> **STUDY MATERIAL**:
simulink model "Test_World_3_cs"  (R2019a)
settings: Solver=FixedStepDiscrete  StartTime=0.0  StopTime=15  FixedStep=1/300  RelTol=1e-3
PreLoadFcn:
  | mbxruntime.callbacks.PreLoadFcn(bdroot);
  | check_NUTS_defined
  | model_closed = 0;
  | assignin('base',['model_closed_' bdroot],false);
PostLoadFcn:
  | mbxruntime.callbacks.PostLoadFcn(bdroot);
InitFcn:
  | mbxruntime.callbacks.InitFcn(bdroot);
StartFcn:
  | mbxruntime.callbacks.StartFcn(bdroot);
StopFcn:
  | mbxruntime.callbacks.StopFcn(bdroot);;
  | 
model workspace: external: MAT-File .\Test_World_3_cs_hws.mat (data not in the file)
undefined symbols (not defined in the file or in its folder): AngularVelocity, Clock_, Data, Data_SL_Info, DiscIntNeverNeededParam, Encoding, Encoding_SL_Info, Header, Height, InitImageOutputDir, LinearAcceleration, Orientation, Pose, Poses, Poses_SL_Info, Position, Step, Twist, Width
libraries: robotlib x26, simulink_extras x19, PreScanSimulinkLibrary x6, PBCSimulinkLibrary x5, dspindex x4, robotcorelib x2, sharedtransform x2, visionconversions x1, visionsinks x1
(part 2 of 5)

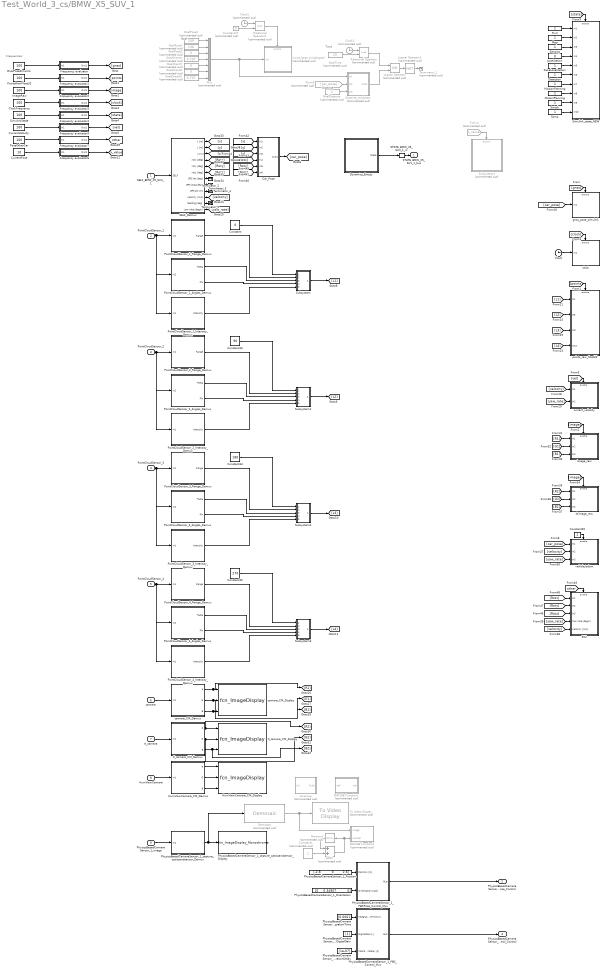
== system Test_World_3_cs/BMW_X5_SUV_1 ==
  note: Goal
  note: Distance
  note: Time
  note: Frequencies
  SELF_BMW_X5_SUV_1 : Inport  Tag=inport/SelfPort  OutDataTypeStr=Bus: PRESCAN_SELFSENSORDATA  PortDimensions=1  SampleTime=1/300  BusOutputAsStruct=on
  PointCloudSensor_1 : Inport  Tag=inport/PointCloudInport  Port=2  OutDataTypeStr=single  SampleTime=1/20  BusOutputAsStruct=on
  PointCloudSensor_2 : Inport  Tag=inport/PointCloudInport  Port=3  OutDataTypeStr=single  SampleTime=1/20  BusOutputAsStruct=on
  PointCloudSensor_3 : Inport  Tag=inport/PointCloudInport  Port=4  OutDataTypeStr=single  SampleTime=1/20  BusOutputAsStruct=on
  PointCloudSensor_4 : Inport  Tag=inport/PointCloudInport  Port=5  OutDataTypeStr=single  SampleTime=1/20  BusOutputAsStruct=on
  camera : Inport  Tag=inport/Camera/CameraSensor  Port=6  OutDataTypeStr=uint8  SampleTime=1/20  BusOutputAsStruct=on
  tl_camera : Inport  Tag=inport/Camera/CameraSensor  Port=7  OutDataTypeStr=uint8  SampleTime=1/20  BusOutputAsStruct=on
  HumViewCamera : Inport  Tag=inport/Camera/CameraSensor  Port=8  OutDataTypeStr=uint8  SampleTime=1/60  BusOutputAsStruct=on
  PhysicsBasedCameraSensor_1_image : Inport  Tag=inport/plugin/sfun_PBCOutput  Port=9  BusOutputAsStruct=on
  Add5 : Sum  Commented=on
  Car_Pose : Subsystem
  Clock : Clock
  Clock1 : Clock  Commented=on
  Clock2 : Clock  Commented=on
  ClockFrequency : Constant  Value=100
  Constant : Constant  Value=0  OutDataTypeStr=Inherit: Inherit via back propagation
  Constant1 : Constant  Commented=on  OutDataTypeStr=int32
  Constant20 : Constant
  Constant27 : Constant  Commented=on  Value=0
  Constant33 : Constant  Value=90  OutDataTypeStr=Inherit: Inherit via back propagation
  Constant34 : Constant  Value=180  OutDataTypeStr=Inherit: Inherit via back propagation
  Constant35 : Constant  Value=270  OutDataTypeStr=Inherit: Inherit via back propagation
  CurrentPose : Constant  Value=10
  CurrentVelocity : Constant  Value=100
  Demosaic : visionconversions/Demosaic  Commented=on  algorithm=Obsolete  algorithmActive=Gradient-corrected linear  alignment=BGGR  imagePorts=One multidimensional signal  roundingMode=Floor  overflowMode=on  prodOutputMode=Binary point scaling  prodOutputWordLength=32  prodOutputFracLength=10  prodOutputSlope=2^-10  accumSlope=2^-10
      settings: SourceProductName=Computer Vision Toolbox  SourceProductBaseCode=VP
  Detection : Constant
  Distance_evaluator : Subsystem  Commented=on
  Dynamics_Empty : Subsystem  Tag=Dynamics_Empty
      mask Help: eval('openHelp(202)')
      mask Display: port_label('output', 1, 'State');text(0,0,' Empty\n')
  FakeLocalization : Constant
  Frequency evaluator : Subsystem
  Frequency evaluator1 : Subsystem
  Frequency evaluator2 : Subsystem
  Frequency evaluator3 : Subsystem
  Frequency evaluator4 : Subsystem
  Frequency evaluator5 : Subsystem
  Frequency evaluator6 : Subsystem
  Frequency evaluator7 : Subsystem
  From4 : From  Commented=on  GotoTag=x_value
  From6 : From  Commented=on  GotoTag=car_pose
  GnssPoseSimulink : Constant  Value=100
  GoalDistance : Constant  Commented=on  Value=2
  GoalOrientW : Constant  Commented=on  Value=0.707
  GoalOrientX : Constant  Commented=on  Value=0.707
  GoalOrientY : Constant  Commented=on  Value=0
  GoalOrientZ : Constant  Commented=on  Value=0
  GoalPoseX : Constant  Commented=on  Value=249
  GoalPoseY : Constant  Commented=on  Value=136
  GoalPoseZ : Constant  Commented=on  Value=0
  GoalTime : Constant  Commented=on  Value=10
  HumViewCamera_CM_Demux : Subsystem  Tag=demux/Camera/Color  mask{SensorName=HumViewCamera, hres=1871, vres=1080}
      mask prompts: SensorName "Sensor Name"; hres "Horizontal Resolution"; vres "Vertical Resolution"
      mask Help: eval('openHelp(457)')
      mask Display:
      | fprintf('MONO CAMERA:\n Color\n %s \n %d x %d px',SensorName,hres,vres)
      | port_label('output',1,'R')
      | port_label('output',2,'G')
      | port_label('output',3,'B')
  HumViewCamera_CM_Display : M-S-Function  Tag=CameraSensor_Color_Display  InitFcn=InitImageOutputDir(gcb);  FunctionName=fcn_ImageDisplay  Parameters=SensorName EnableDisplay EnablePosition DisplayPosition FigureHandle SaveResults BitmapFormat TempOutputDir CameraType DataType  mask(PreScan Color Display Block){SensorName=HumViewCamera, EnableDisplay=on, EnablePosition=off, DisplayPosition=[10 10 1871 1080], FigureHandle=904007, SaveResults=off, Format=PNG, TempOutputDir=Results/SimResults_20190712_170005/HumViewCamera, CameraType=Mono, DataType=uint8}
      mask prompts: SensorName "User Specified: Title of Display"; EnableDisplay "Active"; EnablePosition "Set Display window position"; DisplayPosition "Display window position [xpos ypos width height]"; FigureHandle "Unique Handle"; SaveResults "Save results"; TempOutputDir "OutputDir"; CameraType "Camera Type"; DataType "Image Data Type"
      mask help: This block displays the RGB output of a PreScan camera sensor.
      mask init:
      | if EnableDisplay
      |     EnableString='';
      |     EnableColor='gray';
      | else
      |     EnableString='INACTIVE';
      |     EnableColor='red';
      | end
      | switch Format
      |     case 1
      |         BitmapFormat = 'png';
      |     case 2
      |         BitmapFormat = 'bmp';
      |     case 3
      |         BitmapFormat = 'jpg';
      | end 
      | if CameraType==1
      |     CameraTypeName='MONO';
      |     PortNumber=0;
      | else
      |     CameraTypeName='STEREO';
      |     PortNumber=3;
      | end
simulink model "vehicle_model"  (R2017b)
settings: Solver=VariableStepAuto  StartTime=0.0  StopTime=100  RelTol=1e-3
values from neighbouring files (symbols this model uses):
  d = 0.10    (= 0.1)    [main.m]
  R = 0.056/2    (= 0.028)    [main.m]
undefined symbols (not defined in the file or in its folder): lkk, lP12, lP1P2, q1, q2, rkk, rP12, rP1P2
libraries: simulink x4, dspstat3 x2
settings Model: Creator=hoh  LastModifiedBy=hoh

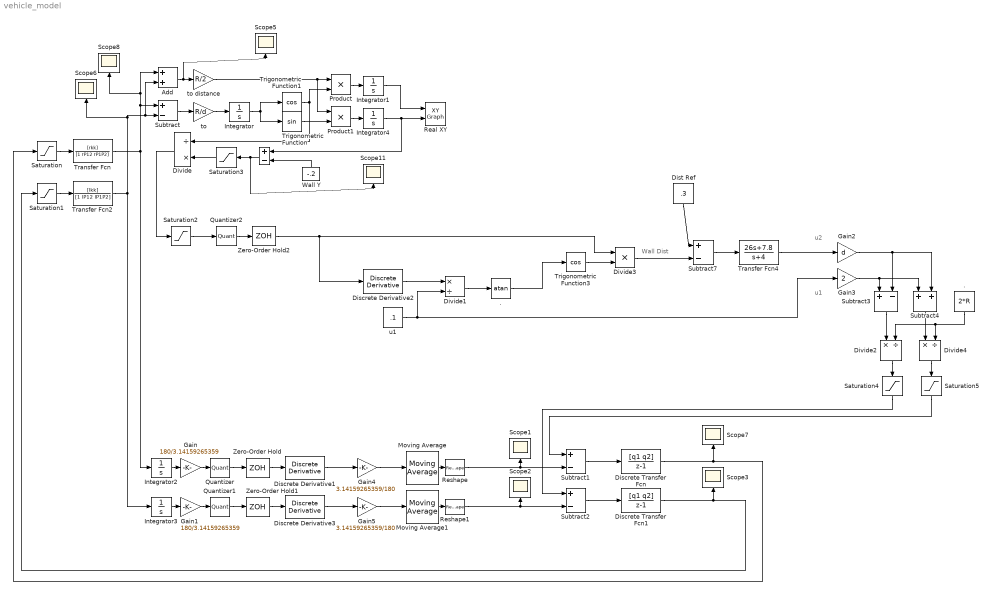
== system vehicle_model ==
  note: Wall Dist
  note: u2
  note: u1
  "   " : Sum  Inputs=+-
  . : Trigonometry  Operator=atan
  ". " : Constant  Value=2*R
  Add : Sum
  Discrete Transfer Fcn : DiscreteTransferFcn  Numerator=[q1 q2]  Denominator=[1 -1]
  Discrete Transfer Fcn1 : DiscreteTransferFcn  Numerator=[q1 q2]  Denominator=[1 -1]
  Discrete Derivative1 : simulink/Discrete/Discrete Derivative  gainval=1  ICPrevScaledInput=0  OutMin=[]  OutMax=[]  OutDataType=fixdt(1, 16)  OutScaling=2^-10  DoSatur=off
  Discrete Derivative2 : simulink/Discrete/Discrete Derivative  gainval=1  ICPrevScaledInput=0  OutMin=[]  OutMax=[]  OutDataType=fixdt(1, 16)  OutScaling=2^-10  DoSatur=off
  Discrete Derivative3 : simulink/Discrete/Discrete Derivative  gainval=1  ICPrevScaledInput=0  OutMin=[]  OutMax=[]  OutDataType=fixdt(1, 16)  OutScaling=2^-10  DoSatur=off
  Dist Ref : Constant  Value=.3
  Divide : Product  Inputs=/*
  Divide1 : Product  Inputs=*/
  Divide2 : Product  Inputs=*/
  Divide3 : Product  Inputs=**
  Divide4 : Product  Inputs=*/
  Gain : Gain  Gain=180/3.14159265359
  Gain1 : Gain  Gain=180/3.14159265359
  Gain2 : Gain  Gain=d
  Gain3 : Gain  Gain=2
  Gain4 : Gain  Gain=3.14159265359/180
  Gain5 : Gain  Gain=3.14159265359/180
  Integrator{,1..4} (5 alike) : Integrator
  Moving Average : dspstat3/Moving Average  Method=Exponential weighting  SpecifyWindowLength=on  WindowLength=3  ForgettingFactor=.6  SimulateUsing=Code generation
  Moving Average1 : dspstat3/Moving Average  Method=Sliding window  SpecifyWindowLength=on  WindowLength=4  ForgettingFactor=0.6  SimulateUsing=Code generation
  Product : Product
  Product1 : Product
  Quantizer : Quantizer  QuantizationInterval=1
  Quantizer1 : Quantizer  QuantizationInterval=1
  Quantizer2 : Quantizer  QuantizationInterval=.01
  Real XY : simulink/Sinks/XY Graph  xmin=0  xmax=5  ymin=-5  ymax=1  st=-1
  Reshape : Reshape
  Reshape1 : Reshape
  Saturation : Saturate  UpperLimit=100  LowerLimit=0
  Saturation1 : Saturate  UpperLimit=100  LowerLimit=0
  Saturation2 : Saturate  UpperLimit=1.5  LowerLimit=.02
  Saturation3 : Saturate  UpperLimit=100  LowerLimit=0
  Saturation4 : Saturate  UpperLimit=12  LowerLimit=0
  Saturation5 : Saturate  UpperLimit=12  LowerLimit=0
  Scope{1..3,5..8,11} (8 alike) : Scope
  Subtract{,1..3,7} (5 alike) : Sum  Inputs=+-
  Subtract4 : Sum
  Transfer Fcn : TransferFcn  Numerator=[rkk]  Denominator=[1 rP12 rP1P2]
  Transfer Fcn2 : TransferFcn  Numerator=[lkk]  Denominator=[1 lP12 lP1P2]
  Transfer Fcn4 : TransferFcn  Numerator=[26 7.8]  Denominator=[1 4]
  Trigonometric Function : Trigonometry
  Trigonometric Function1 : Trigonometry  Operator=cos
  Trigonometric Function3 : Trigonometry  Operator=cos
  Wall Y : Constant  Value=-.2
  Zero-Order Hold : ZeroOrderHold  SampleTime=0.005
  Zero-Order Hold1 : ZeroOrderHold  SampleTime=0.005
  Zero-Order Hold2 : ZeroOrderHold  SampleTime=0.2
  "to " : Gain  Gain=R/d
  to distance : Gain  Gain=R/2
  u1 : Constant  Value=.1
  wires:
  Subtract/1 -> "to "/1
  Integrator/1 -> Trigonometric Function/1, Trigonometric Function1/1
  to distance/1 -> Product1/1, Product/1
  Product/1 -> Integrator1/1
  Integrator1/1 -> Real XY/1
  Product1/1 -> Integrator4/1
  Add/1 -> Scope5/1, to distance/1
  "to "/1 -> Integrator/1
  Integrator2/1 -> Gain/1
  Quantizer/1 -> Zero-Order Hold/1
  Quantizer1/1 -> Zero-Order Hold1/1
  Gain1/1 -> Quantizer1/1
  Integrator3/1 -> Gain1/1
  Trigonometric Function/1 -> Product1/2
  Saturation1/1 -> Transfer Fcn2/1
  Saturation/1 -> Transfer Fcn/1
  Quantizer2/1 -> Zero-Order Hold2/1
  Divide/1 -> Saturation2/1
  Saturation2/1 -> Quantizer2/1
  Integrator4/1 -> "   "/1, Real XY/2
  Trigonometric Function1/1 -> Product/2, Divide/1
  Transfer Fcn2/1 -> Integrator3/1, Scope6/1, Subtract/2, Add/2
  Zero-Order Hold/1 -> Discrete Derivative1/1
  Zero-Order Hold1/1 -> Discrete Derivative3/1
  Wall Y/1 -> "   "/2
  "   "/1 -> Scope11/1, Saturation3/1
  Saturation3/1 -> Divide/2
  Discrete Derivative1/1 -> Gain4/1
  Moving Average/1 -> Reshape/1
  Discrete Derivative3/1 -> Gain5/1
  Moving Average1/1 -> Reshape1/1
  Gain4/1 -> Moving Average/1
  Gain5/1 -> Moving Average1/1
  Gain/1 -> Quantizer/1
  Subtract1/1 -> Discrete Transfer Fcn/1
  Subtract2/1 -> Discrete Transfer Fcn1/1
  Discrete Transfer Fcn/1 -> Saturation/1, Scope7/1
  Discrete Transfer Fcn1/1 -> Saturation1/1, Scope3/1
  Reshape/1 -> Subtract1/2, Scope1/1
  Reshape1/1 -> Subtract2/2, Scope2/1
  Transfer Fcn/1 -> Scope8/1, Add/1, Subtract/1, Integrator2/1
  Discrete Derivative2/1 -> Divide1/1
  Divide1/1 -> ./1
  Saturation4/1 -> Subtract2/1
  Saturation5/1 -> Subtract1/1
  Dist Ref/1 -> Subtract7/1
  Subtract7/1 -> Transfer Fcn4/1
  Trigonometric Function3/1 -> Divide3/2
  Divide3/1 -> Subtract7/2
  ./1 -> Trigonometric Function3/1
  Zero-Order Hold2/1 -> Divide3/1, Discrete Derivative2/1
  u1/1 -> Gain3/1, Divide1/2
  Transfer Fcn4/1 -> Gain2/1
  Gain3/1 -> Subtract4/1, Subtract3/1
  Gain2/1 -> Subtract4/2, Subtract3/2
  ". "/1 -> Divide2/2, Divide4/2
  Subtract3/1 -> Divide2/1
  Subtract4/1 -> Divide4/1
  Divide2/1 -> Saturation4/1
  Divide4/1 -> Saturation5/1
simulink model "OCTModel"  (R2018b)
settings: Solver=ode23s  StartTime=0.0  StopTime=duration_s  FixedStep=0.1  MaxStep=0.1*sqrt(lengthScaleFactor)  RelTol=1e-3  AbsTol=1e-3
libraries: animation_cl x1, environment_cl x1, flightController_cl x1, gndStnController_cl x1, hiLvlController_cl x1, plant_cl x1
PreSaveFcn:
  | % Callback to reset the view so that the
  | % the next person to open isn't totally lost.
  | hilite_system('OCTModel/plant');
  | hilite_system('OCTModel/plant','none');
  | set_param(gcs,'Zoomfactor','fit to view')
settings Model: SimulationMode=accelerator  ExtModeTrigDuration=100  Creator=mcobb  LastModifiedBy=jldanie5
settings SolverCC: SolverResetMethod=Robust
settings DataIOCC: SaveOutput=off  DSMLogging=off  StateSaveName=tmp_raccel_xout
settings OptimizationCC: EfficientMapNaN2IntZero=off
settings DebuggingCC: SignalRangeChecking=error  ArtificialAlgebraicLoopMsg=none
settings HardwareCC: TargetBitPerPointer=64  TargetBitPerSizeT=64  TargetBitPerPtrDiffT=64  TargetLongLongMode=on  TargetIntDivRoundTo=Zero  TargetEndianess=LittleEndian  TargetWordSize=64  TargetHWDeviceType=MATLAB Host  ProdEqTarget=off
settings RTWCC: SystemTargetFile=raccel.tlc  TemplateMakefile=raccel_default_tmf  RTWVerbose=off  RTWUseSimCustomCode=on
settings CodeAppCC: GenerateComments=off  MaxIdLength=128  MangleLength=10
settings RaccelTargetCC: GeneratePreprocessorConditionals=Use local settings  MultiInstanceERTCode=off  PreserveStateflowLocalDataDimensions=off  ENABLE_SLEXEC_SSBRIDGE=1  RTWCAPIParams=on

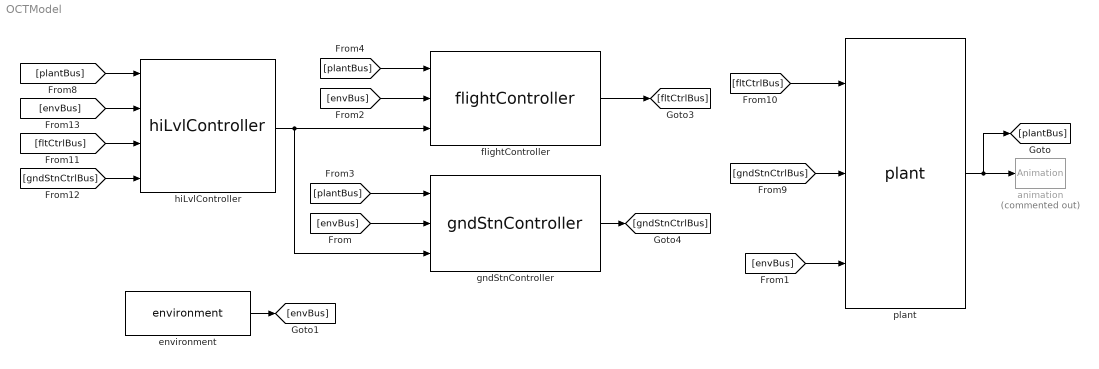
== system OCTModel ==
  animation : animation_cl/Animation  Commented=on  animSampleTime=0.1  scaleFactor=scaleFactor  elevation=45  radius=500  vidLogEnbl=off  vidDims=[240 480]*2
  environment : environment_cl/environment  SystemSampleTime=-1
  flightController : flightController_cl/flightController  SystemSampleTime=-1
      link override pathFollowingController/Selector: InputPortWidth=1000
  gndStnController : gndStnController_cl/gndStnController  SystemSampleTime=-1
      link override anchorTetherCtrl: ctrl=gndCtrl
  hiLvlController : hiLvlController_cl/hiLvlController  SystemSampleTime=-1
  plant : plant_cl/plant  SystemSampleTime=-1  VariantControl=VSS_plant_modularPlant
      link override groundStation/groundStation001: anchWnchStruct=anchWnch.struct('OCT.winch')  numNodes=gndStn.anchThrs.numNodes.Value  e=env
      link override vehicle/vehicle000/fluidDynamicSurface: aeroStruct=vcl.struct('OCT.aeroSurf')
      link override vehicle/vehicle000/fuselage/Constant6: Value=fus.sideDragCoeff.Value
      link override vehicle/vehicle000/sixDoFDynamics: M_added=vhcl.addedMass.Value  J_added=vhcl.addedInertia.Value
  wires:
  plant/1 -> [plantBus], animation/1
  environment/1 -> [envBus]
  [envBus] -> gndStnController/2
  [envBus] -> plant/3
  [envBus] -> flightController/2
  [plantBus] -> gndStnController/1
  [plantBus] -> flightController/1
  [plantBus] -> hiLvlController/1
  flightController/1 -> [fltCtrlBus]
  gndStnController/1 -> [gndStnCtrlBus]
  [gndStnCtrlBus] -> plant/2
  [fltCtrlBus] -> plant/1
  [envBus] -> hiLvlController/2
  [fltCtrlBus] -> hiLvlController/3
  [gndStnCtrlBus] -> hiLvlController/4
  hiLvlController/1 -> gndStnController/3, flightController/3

> **THE TASK**:
Only the lines holding "PointCloudInport" are wanted, so copy each of them from the material.

> **COMPLETED TASK**:
  PointCloudSensor_1 : Inport  Tag=inport/PointCloudInport  Port=2  OutDataTypeStr=single  SampleTime=1/20  BusOutputAsStruct=on
  PointCloudSensor_2 : Inport  Tag=inport/PointCloudInport  Port=3  OutDataTypeStr=single  SampleTime=1/20  BusOutputAsStruct=on
  PointCloudSensor_3 : Inport  Tag=inport/PointCloudInport  Port=4  OutDataTypeStr=single  SampleTime=1/20  BusOutputAsStruct=on
  PointCloudSensor_4 : Inport  Tag=inport/PointCloudInport  Port=5  OutDataTypeStr=single  SampleTime=1/20  BusOutputAsStruct=on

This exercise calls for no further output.